Somewhere below is a line with "#61=EDGE_LOOP('',(#60));" and, later, a line with "#68=DIRECTION('',(0.,1.,0.));"; repeat those two lines and all the lines between them, exactly as they are.
** Opening Entries supplied block **
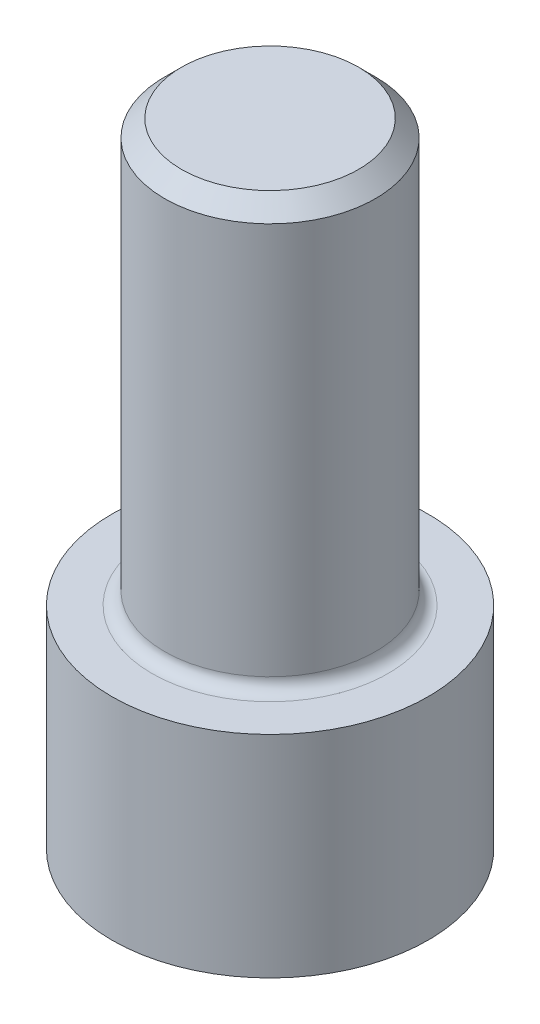
ISO-10303-21;
HEADER;
FILE_DESCRIPTION(('STEP AP214'),'2;1');
FILE_NAME('part.step','',(''),(''),'','','');
FILE_SCHEMA(('AUTOMOTIVE_DESIGN { 1 0 10303 214 1 1 1 1 }'));
ENDSEC;
DATA;
#1=APPLICATION_CONTEXT('core data for automotive mechanical design processes');
#2=APPLICATION_PROTOCOL_DEFINITION('international standard','automotive_design',2000,#1);
#3=PRODUCT_CONTEXT('',#1,'mechanical');
#4=PRODUCT('Part','Part','',(#3));
#5=PRODUCT_RELATED_PRODUCT_CATEGORY('part','',(#4));
#6=PRODUCT_DEFINITION_FORMATION('','',#4);
#7=PRODUCT_DEFINITION_CONTEXT('part definition',#1,'design');
#8=PRODUCT_DEFINITION('design','',#6,#7);
#9=PRODUCT_DEFINITION_SHAPE('','',#8);
#10=(LENGTH_UNIT() NAMED_UNIT(*) SI_UNIT(.MILLI.,.METRE.));
#11=(NAMED_UNIT(*) PLANE_ANGLE_UNIT() SI_UNIT($,.RADIAN.));
#12=(NAMED_UNIT(*) SI_UNIT($,.STERADIAN.) SOLID_ANGLE_UNIT());
#13=UNCERTAINTY_MEASURE_WITH_UNIT(LENGTH_MEASURE(1.E-05),#10,'distance_accuracy_value','');
#14=(GEOMETRIC_REPRESENTATION_CONTEXT(3) GLOBAL_UNCERTAINTY_ASSIGNED_CONTEXT((#13)) GLOBAL_UNIT_ASSIGNED_CONTEXT((#10,
#11,#12)) REPRESENTATION_CONTEXT('',''));
#15=CARTESIAN_POINT('',(0.,0.,0.));
#16=DIRECTION('',(0.,0.,1.));
#17=DIRECTION('',(1.,0.,0.));
#18=AXIS2_PLACEMENT_3D('',#15,#16,#17);
#19=CARTESIAN_POINT('',(0.,0.25,0.));
#20=DIRECTION('',(0.,-1.,0.));
#21=DIRECTION('',(0.,0.,-1.));
#22=AXIS2_PLACEMENT_3D('',#19,#20,#21);
#23=CYLINDRICAL_SURFACE('',#22,0.1875);
#24=CARTESIAN_POINT('',(0.,0.25,0.));
#25=DIRECTION('',(0.,1.,0.));
#26=DIRECTION('',(0.,0.,1.));
#27=AXIS2_PLACEMENT_3D('',#24,#25,#26);
#28=CIRCLE('',#27,0.1875);
#29=CARTESIAN_POINT('',(0.,0.25,0.1875));
#30=VERTEX_POINT('',#29);
#31=EDGE_CURVE('E167',#30,#30,#28,.T.);
#32=ORIENTED_EDGE('',*,*,#31,.F.);
#33=EDGE_LOOP('',(#32));
#34=FACE_BOUND('',#33,.T.);
#35=CARTESIAN_POINT('',(0.,0.,0.));
#36=DIRECTION('',(0.,1.,0.));
#37=DIRECTION('',(0.,0.,1.));
#38=AXIS2_PLACEMENT_3D('',#35,#36,#37);
#39=CIRCLE('',#38,0.1875);
#40=CARTESIAN_POINT('',(0.,0.,0.1875));
#41=VERTEX_POINT('',#40);
#42=EDGE_CURVE('E157',#41,#41,#39,.T.);
#43=ORIENTED_EDGE('',*,*,#42,.T.);
#44=EDGE_LOOP('',(#43));
#45=FACE_BOUND('',#44,.T.);
#46=ADVANCED_FACE('F41',(#34,#45),#23,.T.);
#47=CARTESIAN_POINT('',(0.,0.25,0.));
#48=DIRECTION('',(0.,1.,0.));
#49=DIRECTION('',(0.,0.,1.));
#50=AXIS2_PLACEMENT_3D('',#47,#48,#49);
#51=PLANE('',#50);
#52=CARTESIAN_POINT('',(0.,0.25,0.));
#53=DIRECTION('',(0.,1.,0.));
#54=DIRECTION('',(0.,0.,1.));
#55=AXIS2_PLACEMENT_3D('',#52,#53,#54);
#56=CIRCLE('',#55,0.14);
#57=CARTESIAN_POINT('',(0.,0.25,0.14));
#58=VERTEX_POINT('',#57);
#59=EDGE_CURVE('E178',#58,#58,#56,.F.);
#60=ORIENTED_EDGE('',*,*,#59,.T.);
#61=EDGE_LOOP('',(#60));
#62=FACE_BOUND('',#61,.T.);
#63=ORIENTED_EDGE('',*,*,#31,.T.);
#64=EDGE_LOOP('',(#63));
#65=FACE_BOUND('',#64,.T.);
#66=ADVANCED_FACE('F200',(#62,#65),#51,.T.);
#67=CARTESIAN_POINT('',(0.,0.,0.));
#68=DIRECTION('',(0.,1.,0.));
#69=DIRECTION('',(0.,0.,1.));
#70=AXIS2_PLACEMENT_3D('',#67,#68,#69);
#71=PLANE('',#70);
#72=DIRECTION('',(-0.0187363075382977,0.,0.999824459982766));
#73=VECTOR('',#72,1.);
#74=CARTESIAN_POINT('',(0.0875241535439282,0.,-0.0483686111690099));
#75=LINE('',#74,#73);
#76=CARTESIAN_POINT('',(0.0875241535439282,0.,-0.04836861116901));
#77=VERTEX_POINT('',#76);
#78=CARTESIAN_POINT('',(0.0856505227900985,0.,0.0516138348292667));
#79=VERTEX_POINT('',#78);
#80=EDGE_CURVE('E138',#77,#79,#75,.T.);
#81=ORIENTED_EDGE('',*,*,#80,.F.);
#82=DIRECTION('',(0.856505227900985,0.,0.516138348292667));
#83=VECTOR('',#82,1.);
#84=CARTESIAN_POINT('',(0.00187363075382977,0.,-0.0999824459982766));
#85=LINE('',#84,#83);
#86=CARTESIAN_POINT('',(0.00187363075382977,0.,-0.0999824459982766));
#87=VERTEX_POINT('',#86);
#88=EDGE_CURVE('E58',#87,#77,#85,.T.);
#89=ORIENTED_EDGE('',*,*,#88,.F.);
#90=DIRECTION('',(0.875241535439282,0.,-0.483686111690099));
#91=VECTOR('',#90,1.);
#92=CARTESIAN_POINT('',(-0.0856505227900985,0.,-0.0516138348292667));
#93=LINE('',#92,#91);
#94=CARTESIAN_POINT('',(-0.0856505227900985,0.,-0.0516138348292667));
#95=VERTEX_POINT('',#94);
#96=EDGE_CURVE('E151',#95,#87,#93,.T.);
#97=ORIENTED_EDGE('',*,*,#96,.F.);
#98=DIRECTION('',(0.0187363075382977,0.,-0.999824459982766));
#99=VECTOR('',#98,1.);
#100=CARTESIAN_POINT('',(-0.0875241535439282,0.,0.04836861116901));
#101=LINE('',#100,#99);
#102=CARTESIAN_POINT('',(-0.0875241535439282,0.,0.04836861116901));
#103=VERTEX_POINT('',#102);
#104=EDGE_CURVE('E148',#103,#95,#101,.T.);
#105=ORIENTED_EDGE('',*,*,#104,.F.);
#106=DIRECTION('',(-0.856505227900985,0.,-0.516138348292667));
#107=VECTOR('',#106,1.);
#108=CARTESIAN_POINT('',(-0.00187363075382976,0.,0.0999824459982766));
#109=LINE('',#108,#107);
#110=CARTESIAN_POINT('',(-0.00187363075382976,0.,0.0999824459982766));
#111=VERTEX_POINT('',#110);
#112=EDGE_CURVE('E106',#111,#103,#109,.T.);
#113=ORIENTED_EDGE('',*,*,#112,.F.);
#114=DIRECTION('',(-0.875241535439282,0.,0.4836861116901));
#115=VECTOR('',#114,1.);
#116=CARTESIAN_POINT('',(0.0856505227900985,0.,0.0516138348292667));
#117=LINE('',#116,#115);
#118=EDGE_CURVE('E142',#79,#111,#117,.T.);
#119=ORIENTED_EDGE('',*,*,#118,.F.);
#120=EDGE_LOOP('',(#81,#89,#97,#105,#113,#119));
#121=FACE_BOUND('',#120,.T.);
#122=ORIENTED_EDGE('',*,*,#42,.F.);
#123=EDGE_LOOP('',(#122));
#124=FACE_BOUND('',#123,.T.);
#125=ADVANCED_FACE('F206',(#121,#124),#71,.F.);
#126=CARTESIAN_POINT('',(0.,0.75,0.));
#127=DIRECTION('',(0.,-1.,0.));
#128=DIRECTION('',(0.,0.,-1.));
#129=AXIS2_PLACEMENT_3D('',#126,#127,#128);
#130=CYLINDRICAL_SURFACE('',#129,0.125);
#131=CARTESIAN_POINT('',(0.,0.73,0.));
#132=DIRECTION('',(0.,1.,0.));
#133=DIRECTION('',(0.,0.,1.));
#134=AXIS2_PLACEMENT_3D('',#131,#132,#133);
#135=CIRCLE('',#134,0.125);
#136=CARTESIAN_POINT('',(0.,0.73,0.125));
#137=VERTEX_POINT('',#136);
#138=EDGE_CURVE('E11',#137,#137,#135,.F.);
#139=ORIENTED_EDGE('',*,*,#138,.T.);
#140=EDGE_LOOP('',(#139));
#141=FACE_BOUND('',#140,.T.);
#142=CARTESIAN_POINT('',(0.,0.265,0.));
#143=DIRECTION('',(0.,1.,0.));
#144=DIRECTION('',(0.,0.,1.));
#145=AXIS2_PLACEMENT_3D('',#142,#143,#144);
#146=CIRCLE('',#145,0.125);
#147=CARTESIAN_POINT('',(0.,0.265,0.125));
#148=VERTEX_POINT('',#147);
#149=EDGE_CURVE('E171',#148,#148,#146,.T.);
#150=ORIENTED_EDGE('',*,*,#149,.T.);
#151=EDGE_LOOP('',(#150));
#152=FACE_BOUND('',#151,.T.);
#153=ADVANCED_FACE('F213',(#141,#152),#130,.T.);
#154=CARTESIAN_POINT('',(0.,0.75,0.));
#155=DIRECTION('',(0.,1.,0.));
#156=DIRECTION('',(0.,0.,1.));
#157=AXIS2_PLACEMENT_3D('',#154,#155,#156);
#158=PLANE('',#157);
#159=CARTESIAN_POINT('',(0.,0.75,0.));
#160=DIRECTION('',(0.,1.,0.));
#161=DIRECTION('',(0.,0.,1.));
#162=AXIS2_PLACEMENT_3D('',#159,#160,#161);
#163=CIRCLE('',#162,0.105);
#164=CARTESIAN_POINT('',(0.,0.75,0.105));
#165=VERTEX_POINT('',#164);
#166=EDGE_CURVE('E51',#165,#165,#163,.T.);
#167=ORIENTED_EDGE('',*,*,#166,.T.);
#168=EDGE_LOOP('',(#167));
#169=FACE_BOUND('',#168,.T.);
#170=ADVANCED_FACE('F185',(#169),#158,.T.);
#171=CARTESIAN_POINT('',(0.,0.265,0.));
#172=DIRECTION('',(0.,1.,0.));
#173=DIRECTION('',(0.,0.,1.));
#174=AXIS2_PLACEMENT_3D('',#171,#172,#173);
#175=TOROIDAL_SURFACE('',#174,0.14,0.015);
#176=ORIENTED_EDGE('',*,*,#59,.F.);
#177=EDGE_LOOP('',(#176));
#178=FACE_BOUND('',#177,.T.);
#179=ORIENTED_EDGE('',*,*,#149,.F.);
#180=EDGE_LOOP('',(#179));
#181=FACE_BOUND('',#180,.T.);
#182=ADVANCED_FACE('F189',(#178,#181),#175,.F.);
#183=CARTESIAN_POINT('',(0.,0.75,0.));
#184=DIRECTION('',(0.,-1.,0.));
#185=DIRECTION('',(0.,0.,-1.));
#186=AXIS2_PLACEMENT_3D('',#183,#184,#185);
#187=CONICAL_SURFACE('',#186,0.105,0.785398163397448);
#188=ORIENTED_EDGE('',*,*,#138,.F.);
#189=EDGE_LOOP('',(#188));
#190=FACE_BOUND('',#189,.T.);
#191=ORIENTED_EDGE('',*,*,#166,.F.);
#192=EDGE_LOOP('',(#191));
#193=FACE_BOUND('',#192,.T.);
#194=ADVANCED_FACE('F44',(#190,#193),#187,.T.);
#195=CARTESIAN_POINT('',(0.00187363075382977,0.15,-0.0999824459982766));
#196=DIRECTION('',(0.516138348292667,0.,-0.856505227900985));
#197=DIRECTION('',(-0.856505227900985,0.,-0.516138348292667));
#198=AXIS2_PLACEMENT_3D('',#195,#196,#197);
#199=PLANE('',#198);
#200=ORIENTED_EDGE('',*,*,#88,.T.);
#201=DIRECTION('',(0.,-1.,0.));
#202=VECTOR('',#201,1.);
#203=CARTESIAN_POINT('',(0.0875241535439282,0.15,-0.0483686111690099));
#204=LINE('',#203,#202);
#205=CARTESIAN_POINT('',(0.0875241535439282,0.15,-0.0483686111690099));
#206=VERTEX_POINT('',#205);
#207=EDGE_CURVE('E88',#206,#77,#204,.T.);
#208=ORIENTED_EDGE('',*,*,#207,.F.);
#209=DIRECTION('',(0.856505227900985,0.,0.516138348292667));
#210=VECTOR('',#209,1.);
#211=CARTESIAN_POINT('',(0.00187363075382977,0.15,-0.0999824459982766));
#212=LINE('',#211,#210);
#213=CARTESIAN_POINT('',(0.00187363075382977,0.15,-0.0999824459982766));
#214=VERTEX_POINT('',#213);
#215=EDGE_CURVE('E154',#214,#206,#212,.T.);
#216=ORIENTED_EDGE('',*,*,#215,.F.);
#217=DIRECTION('',(0.,-1.,0.));
#218=VECTOR('',#217,1.);
#219=CARTESIAN_POINT('',(0.00187363075382977,0.15,-0.0999824459982766));
#220=LINE('',#219,#218);
#221=EDGE_CURVE('E66',#214,#87,#220,.T.);
#222=ORIENTED_EDGE('',*,*,#221,.T.);
#223=EDGE_LOOP('',(#200,#208,#216,#222));
#224=FACE_BOUND('',#223,.T.);
#225=ADVANCED_FACE('F188',(#224),#199,.F.);
#226=CARTESIAN_POINT('',(-0.0856505227900985,0.15,-0.0516138348292667));
#227=DIRECTION('',(-0.4836861116901,0.,-0.875241535439282));
#228=DIRECTION('',(-0.875241535439282,0.,0.4836861116901));
#229=AXIS2_PLACEMENT_3D('',#226,#227,#228);
#230=PLANE('',#229);
#231=ORIENTED_EDGE('',*,*,#96,.T.);
#232=ORIENTED_EDGE('',*,*,#221,.F.);
#233=DIRECTION('',(0.875241535439282,0.,-0.483686111690099));
#234=VECTOR('',#233,1.);
#235=CARTESIAN_POINT('',(-0.0856505227900985,0.15,-0.0516138348292667));
#236=LINE('',#235,#234);
#237=CARTESIAN_POINT('',(-0.0856505227900985,0.15,-0.0516138348292667));
#238=VERTEX_POINT('',#237);
#239=EDGE_CURVE('E120',#238,#214,#236,.T.);
#240=ORIENTED_EDGE('',*,*,#239,.F.);
#241=DIRECTION('',(0.,-1.,0.));
#242=VECTOR('',#241,1.);
#243=CARTESIAN_POINT('',(-0.0856505227900985,0.15,-0.0516138348292667));
#244=LINE('',#243,#242);
#245=EDGE_CURVE('E111',#238,#95,#244,.T.);
#246=ORIENTED_EDGE('',*,*,#245,.T.);
#247=EDGE_LOOP('',(#231,#232,#240,#246));
#248=FACE_BOUND('',#247,.T.);
#249=ADVANCED_FACE('F195',(#248),#230,.F.);
#250=CARTESIAN_POINT('',(-0.0875241535439282,0.15,0.04836861116901));
#251=DIRECTION('',(-0.999824459982766,0.,-0.0187363075382977));
#252=DIRECTION('',(-0.0187363075382977,0.,0.999824459982766));
#253=AXIS2_PLACEMENT_3D('',#250,#251,#252);
#254=PLANE('',#253);
#255=ORIENTED_EDGE('',*,*,#104,.T.);
#256=ORIENTED_EDGE('',*,*,#245,.F.);
#257=DIRECTION('',(0.0187363075382977,0.,-0.999824459982766));
#258=VECTOR('',#257,1.);
#259=CARTESIAN_POINT('',(-0.0875241535439282,0.15,0.04836861116901));
#260=LINE('',#259,#258);
#261=CARTESIAN_POINT('',(-0.0875241535439282,0.15,0.04836861116901));
#262=VERTEX_POINT('',#261);
#263=EDGE_CURVE('E115',#262,#238,#260,.T.);
#264=ORIENTED_EDGE('',*,*,#263,.F.);
#265=DIRECTION('',(0.,-1.,0.));
#266=VECTOR('',#265,1.);
#267=CARTESIAN_POINT('',(-0.0875241535439282,0.15,0.04836861116901));
#268=LINE('',#267,#266);
#269=EDGE_CURVE('E99',#262,#103,#268,.T.);
#270=ORIENTED_EDGE('',*,*,#269,.T.);
#271=EDGE_LOOP('',(#255,#256,#264,#270));
#272=FACE_BOUND('',#271,.T.);
#273=ADVANCED_FACE('F116',(#272),#254,.F.);
#274=CARTESIAN_POINT('',(-0.00187363075382976,0.15,0.0999824459982766));
#275=DIRECTION('',(-0.516138348292667,0.,0.856505227900985));
#276=DIRECTION('',(0.856505227900985,0.,0.516138348292667));
#277=AXIS2_PLACEMENT_3D('',#274,#275,#276);
#278=PLANE('',#277);
#279=ORIENTED_EDGE('',*,*,#112,.T.);
#280=ORIENTED_EDGE('',*,*,#269,.F.);
#281=DIRECTION('',(-0.856505227900985,0.,-0.516138348292667));
#282=VECTOR('',#281,1.);
#283=CARTESIAN_POINT('',(-0.00187363075382976,0.15,0.0999824459982766));
#284=LINE('',#283,#282);
#285=CARTESIAN_POINT('',(-0.00187363075382976,0.15,0.0999824459982766));
#286=VERTEX_POINT('',#285);
#287=EDGE_CURVE('E103',#286,#262,#284,.T.);
#288=ORIENTED_EDGE('',*,*,#287,.F.);
#289=DIRECTION('',(0.,-1.,0.));
#290=VECTOR('',#289,1.);
#291=CARTESIAN_POINT('',(-0.00187363075382976,0.15,0.0999824459982766));
#292=LINE('',#291,#290);
#293=EDGE_CURVE('E112',#286,#111,#292,.T.);
#294=ORIENTED_EDGE('',*,*,#293,.T.);
#295=EDGE_LOOP('',(#279,#280,#288,#294));
#296=FACE_BOUND('',#295,.T.);
#297=ADVANCED_FACE('F101',(#296),#278,.F.);
#298=CARTESIAN_POINT('',(0.0856505227900985,0.15,0.0516138348292667));
#299=DIRECTION('',(0.4836861116901,0.,0.875241535439282));
#300=DIRECTION('',(0.875241535439282,0.,-0.4836861116901));
#301=AXIS2_PLACEMENT_3D('',#298,#299,#300);
#302=PLANE('',#301);
#303=ORIENTED_EDGE('',*,*,#118,.T.);
#304=ORIENTED_EDGE('',*,*,#293,.F.);
#305=DIRECTION('',(-0.875241535439282,0.,0.4836861116901));
#306=VECTOR('',#305,1.);
#307=CARTESIAN_POINT('',(0.0856505227900985,0.15,0.0516138348292667));
#308=LINE('',#307,#306);
#309=CARTESIAN_POINT('',(0.0856505227900985,0.15,0.0516138348292667));
#310=VERTEX_POINT('',#309);
#311=EDGE_CURVE('E126',#310,#286,#308,.T.);
#312=ORIENTED_EDGE('',*,*,#311,.F.);
#313=DIRECTION('',(0.,-1.,0.));
#314=VECTOR('',#313,1.);
#315=CARTESIAN_POINT('',(0.0856505227900985,0.15,0.0516138348292667));
#316=LINE('',#315,#314);
#317=EDGE_CURVE('E162',#310,#79,#316,.T.);
#318=ORIENTED_EDGE('',*,*,#317,.T.);
#319=EDGE_LOOP('',(#303,#304,#312,#318));
#320=FACE_BOUND('',#319,.T.);
#321=ADVANCED_FACE('F224',(#320),#302,.F.);
#322=CARTESIAN_POINT('',(0.0875241535439282,0.15,-0.0483686111690099));
#323=DIRECTION('',(0.999824459982766,0.,0.0187363075382977));
#324=DIRECTION('',(0.0187363075382977,0.,-0.999824459982766));
#325=AXIS2_PLACEMENT_3D('',#322,#323,#324);
#326=PLANE('',#325);
#327=ORIENTED_EDGE('',*,*,#80,.T.);
#328=ORIENTED_EDGE('',*,*,#317,.F.);
#329=DIRECTION('',(-0.0187363075382977,0.,0.999824459982766));
#330=VECTOR('',#329,1.);
#331=CARTESIAN_POINT('',(0.0875241535439282,0.15,-0.0483686111690099));
#332=LINE('',#331,#330);
#333=EDGE_CURVE('E130',#206,#310,#332,.T.);
#334=ORIENTED_EDGE('',*,*,#333,.F.);
#335=ORIENTED_EDGE('',*,*,#207,.T.);
#336=EDGE_LOOP('',(#327,#328,#334,#335));
#337=FACE_BOUND('',#336,.T.);
#338=ADVANCED_FACE('F221',(#337),#326,.F.);
#339=CARTESIAN_POINT('',(0.,0.15,0.));
#340=DIRECTION('',(0.,-1.,0.));
#341=DIRECTION('',(0.,0.,-1.));
#342=AXIS2_PLACEMENT_3D('',#339,#340,#341);
#343=PLANE('',#342);
#344=ORIENTED_EDGE('',*,*,#215,.T.);
#345=ORIENTED_EDGE('',*,*,#333,.T.);
#346=ORIENTED_EDGE('',*,*,#311,.T.);
#347=ORIENTED_EDGE('',*,*,#287,.T.);
#348=ORIENTED_EDGE('',*,*,#263,.T.);
#349=ORIENTED_EDGE('',*,*,#239,.T.);
#350=EDGE_LOOP('',(#344,#345,#346,#347,#348,#349));
#351=FACE_BOUND('',#350,.T.);
#352=ADVANCED_FACE('F123',(#351),#343,.T.);
#353=CLOSED_SHELL('',(#46,#66,#125,#153,#170,#182,#194,#225,#249,#273,#297,#321,#338,#352));
#354=MANIFOLD_SOLID_BREP('B2',#353);
#355=ADVANCED_BREP_SHAPE_REPRESENTATION('',(#18,#354),#14);
#356=SHAPE_DEFINITION_REPRESENTATION(#9,#355);
ENDSEC;
END-ISO-10303-21;
** Closing Entries supplied block **
* _Answer for the task_:
#61=EDGE_LOOP('',(#60));
#62=FACE_BOUND('',#61,.T.);
#63=ORIENTED_EDGE('',*,*,#31,.T.);
#64=EDGE_LOOP('',(#63));
#65=FACE_BOUND('',#64,.T.);
#66=ADVANCED_FACE('F200',(#62,#65),#51,.T.);
#67=CARTESIAN_POINT('',(0.,0.,0.));
#68=DIRECTION('',(0.,1.,0.));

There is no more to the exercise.